FRC

FRC: Sample Whoose Search

This returns a list of ranked revelancy citations with links to the Philo4 powered version of the FRC.

Topic Model and Time Series Search Table.

Default search binds search terms with AND, which means you must have at least 1 instance of each search term in matching documents or it will return 0 results. Checking the "OR search" checkbox changes search term to OR. This will typically return many more documents but will start with those with the most relevant matches to your query. You can put in your own operators by leaving the OR box unchecked and using upper case operators such as (no quotes): "conspirateurs AND aristocrates OR étrangères AND royalistes". Limit sets the number of hits displayed. You can set this to 0 to get all results which is not advised for OR searches given the number of results you can get.

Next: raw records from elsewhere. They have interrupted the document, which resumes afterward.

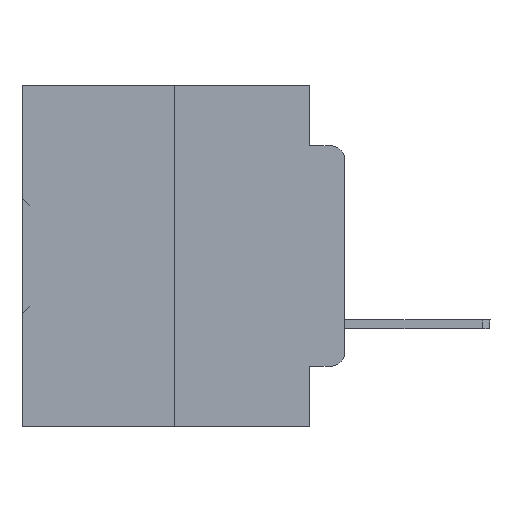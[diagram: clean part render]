
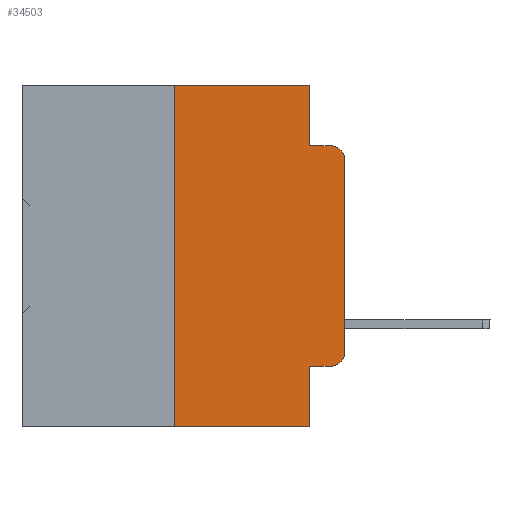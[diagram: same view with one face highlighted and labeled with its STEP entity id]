
A CAD part, left-side view. The second image highlights one B-rep face of the part: STEP entity #34503.
In plain terms, the highlighted planar face has unit normal (-1, 0, 0).
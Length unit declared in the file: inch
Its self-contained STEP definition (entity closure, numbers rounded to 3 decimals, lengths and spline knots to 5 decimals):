
#701 = ORIENTED_EDGE ( 'NONE', *, *, #27436, .F. ) ;
#724 = CARTESIAN_POINT ( 'NONE',  ( 0., 0.02, -0.3915 ) ) ;
#1161 = DIRECTION ( 'NONE',  ( 0., 0., -1. ) ) ;
#1396 = LINE ( 'NONE', #21501, #31558 ) ;
#1483 = VECTOR ( 'NONE', #16191, 39.37008 ) ;
#1488 = DIRECTION ( 'NONE',  ( 0., -1., 0. ) ) ;
#2055 = VECTOR ( 'NONE', #1161, 39.37008 ) ;
#2281 = DIRECTION ( 'NONE',  ( 0., 0., -1. ) ) ;
#2339 = VERTEX_POINT ( 'NONE', #37286 ) ;
#2682 = VERTEX_POINT ( 'NONE', #21313 ) ;
#2983 = CARTESIAN_POINT ( 'NONE',  ( 0., 0.02, -0.0885 ) ) ;
#3917 = FACE_OUTER_BOUND ( 'NONE', #8568, .T. ) ;
#4652 = ORIENTED_EDGE ( 'NONE', *, *, #20198, .F. ) ;
#5504 = PLANE ( 'NONE',  #36536 ) ;
#5909 = EDGE_CURVE ( 'NONE', #2339, #2682, #35851, .T. ) ;
#6045 = VERTEX_POINT ( 'NONE', #10705 ) ;
#6116 = CARTESIAN_POINT ( 'NONE',  ( 0., 0., 0. ) ) ;
#6690 = LINE ( 'NONE', #21895, #2055 ) ;
#7200 = CARTESIAN_POINT ( 'NONE',  ( 0., 0.051, -0.0885 ) ) ;
#7824 = VECTOR ( 'NONE', #12942, 39.37008 ) ;
#8142 = CARTESIAN_POINT ( 'NONE',  ( 0., 0., -0.1085 ) ) ;
#8568 = EDGE_LOOP ( 'NONE', ( #18275, #17423, #4652, #35795, #16291, #701, #12215, #36421, #14650, #18044 ) ) ;
#8889 = CARTESIAN_POINT ( 'NONE',  ( 0., 0.051, 0. ) ) ;
#9073 = DIRECTION ( 'NONE',  ( 0., 0., 1. ) ) ;
#9315 = LINE ( 'NONE', #7200, #25736 ) ;
#10705 = CARTESIAN_POINT ( 'NONE',  ( 0., 0.25, 0. ) ) ;
#10947 = AXIS2_PLACEMENT_3D ( 'NONE', #724, #23725, #18003 ) ;
#10956 = CARTESIAN_POINT ( 'NONE',  ( 0., 0., -0.3915 ) ) ;
#12031 = EDGE_CURVE ( 'NONE', #36303, #19259, #21187, .T. ) ;
#12055 = EDGE_CURVE ( 'NONE', #2682, #36303, #22095, .T. ) ;
#12215 = ORIENTED_EDGE ( 'NONE', *, *, #36188, .T. ) ;
#12942 = DIRECTION ( 'NONE',  ( 0., 0., -1. ) ) ;
#13432 = VERTEX_POINT ( 'NONE', #8889 ) ;
#13503 = DIRECTION ( 'NONE',  ( 0., -1., 0. ) ) ;
#14650 = ORIENTED_EDGE ( 'NONE', *, *, #5909, .T. ) ;
#14696 = LINE ( 'NONE', #18797, #28390 ) ;
#15415 = EDGE_CURVE ( 'NONE', #2339, #19431, #22880, .T. ) ;
#16070 = CARTESIAN_POINT ( 'NONE',  ( 0., 0.473, -0.5 ) ) ;
#16191 = DIRECTION ( 'NONE',  ( 0., -1., 0. ) ) ;
#16196 = CARTESIAN_POINT ( 'NONE',  ( 0., 0.051, -0.4115 ) ) ;
#16291 = ORIENTED_EDGE ( 'NONE', *, *, #20719, .F. ) ;
#17081 = CARTESIAN_POINT ( 'NONE',  ( 0., 0.25, -0.5 ) ) ;
#17423 = ORIENTED_EDGE ( 'NONE', *, *, #27577, .T. ) ;
#18003 = DIRECTION ( 'NONE',  ( 0., 0., -1. ) ) ;
#18044 = ORIENTED_EDGE ( 'NONE', *, *, #12055, .T. ) ;
#18275 = ORIENTED_EDGE ( 'NONE', *, *, #12031, .T. ) ;
#18605 = CARTESIAN_POINT ( 'NONE',  ( 0., 0.051, 0. ) ) ;
#18797 = CARTESIAN_POINT ( 'NONE',  ( 0., 0.473, 0. ) ) ;
#19222 = VERTEX_POINT ( 'NONE', #17081 ) ;
#19259 = VERTEX_POINT ( 'NONE', #8142 ) ;
#19431 = VERTEX_POINT ( 'NONE', #35440 ) ;
#19828 = VECTOR ( 'NONE', #9073, 39.37008 ) ;
#20198 = EDGE_CURVE ( 'NONE', #33062, #22813, #9315, .T. ) ;
#20620 = CIRCLE ( 'NONE', #36596, 0.02 ) ;
#20719 = EDGE_CURVE ( 'NONE', #6045, #13432, #14696, .T. ) ;
#21187 = LINE ( 'NONE', #6116, #19828 ) ;
#21313 = CARTESIAN_POINT ( 'NONE',  ( 0., 0.02, -0.4115 ) ) ;
#21386 = DIRECTION ( 'NONE',  ( 0., 0., 1. ) ) ;
#21501 = CARTESIAN_POINT ( 'NONE',  ( 0., 0.25, 0. ) ) ;
#21895 = CARTESIAN_POINT ( 'NONE',  ( 0., 0.051, 0. ) ) ;
#22095 = CIRCLE ( 'NONE', #10947, 0.02 ) ;
#22813 = VERTEX_POINT ( 'NONE', #2983 ) ;
#22880 = LINE ( 'NONE', #18605, #7824 ) ;
#23725 = DIRECTION ( 'NONE',  ( -1., 0., 0. ) ) ;
#24545 = DIRECTION ( 'NONE',  ( 0., 0., -1. ) ) ;
#25047 = DIRECTION ( 'NONE',  ( -1., 0., 0. ) ) ;
#25199 = CARTESIAN_POINT ( 'NONE',  ( 0., 0.051, -0.0885 ) ) ;
#25736 = VECTOR ( 'NONE', #31304, 39.37008 ) ;
#25796 = DIRECTION ( 'NONE',  ( 1., 0., 0. ) ) ;
#26635 = LINE ( 'NONE', #16070, #1483 ) ;
#27436 = EDGE_CURVE ( 'NONE', #19222, #6045, #1396, .T. ) ;
#27577 = EDGE_CURVE ( 'NONE', #19259, #22813, #20620, .T. ) ;
#28390 = VECTOR ( 'NONE', #13503, 39.37008 ) ;
#31304 = DIRECTION ( 'NONE',  ( 0., -1., 0. ) ) ;
#31558 = VECTOR ( 'NONE', #21386, 39.37008 ) ;
#31733 = VECTOR ( 'NONE', #1488, 39.37008 ) ;
#33062 = VERTEX_POINT ( 'NONE', #25199 ) ;
#33213 = CARTESIAN_POINT ( 'NONE',  ( 0., 0.02, -0.1085 ) ) ;
#34315 = EDGE_CURVE ( 'NONE', #13432, #33062, #6690, .T. ) ;
#34480 = CARTESIAN_POINT ( 'NONE',  ( 0., 0.473, 0. ) ) ;
#34503 = ADVANCED_FACE ( 'NONE', ( #3917 ), #5504, .F. ) ;
#35440 = CARTESIAN_POINT ( 'NONE',  ( 0., 0.051, -0.5 ) ) ;
#35795 = ORIENTED_EDGE ( 'NONE', *, *, #34315, .F. ) ;
#35851 = LINE ( 'NONE', #16196, #31733 ) ;
#36188 = EDGE_CURVE ( 'NONE', #19222, #19431, #26635, .T. ) ;
#36303 = VERTEX_POINT ( 'NONE', #10956 ) ;
#36421 = ORIENTED_EDGE ( 'NONE', *, *, #15415, .F. ) ;
#36536 = AXIS2_PLACEMENT_3D ( 'NONE', #34480, #25796, #2281 ) ;
#36596 = AXIS2_PLACEMENT_3D ( 'NONE', #33213, #25047, #24545 ) ;
#37286 = CARTESIAN_POINT ( 'NONE',  ( 0., 0.051, -0.4115 ) ) ;

The results show the author, title, year, followed by the score (see below), the ID number which is a link to the PhiloLogic4 table of contents, the word Search which is a link that will search the document for the words you put in the query box (using an OR operator), and a Internet Archive identifier which will go to the first page of the document. Note that the IA does support word and phrase searching in documents, so you can use that to find instances of your words in the page images.

Here are some more sample searches: "grains farine blé"; "brigands émigrés nobles". Find you find any good ones, let me know.

This is using Python Whoosh. The index is generated from the words indexed by the PhiloLogic4 load, which have been stemmed and had accented removed. Having not included all of the "words" I decided not to display snippets which Whoosh can do. Results are sorted by default score (BM25).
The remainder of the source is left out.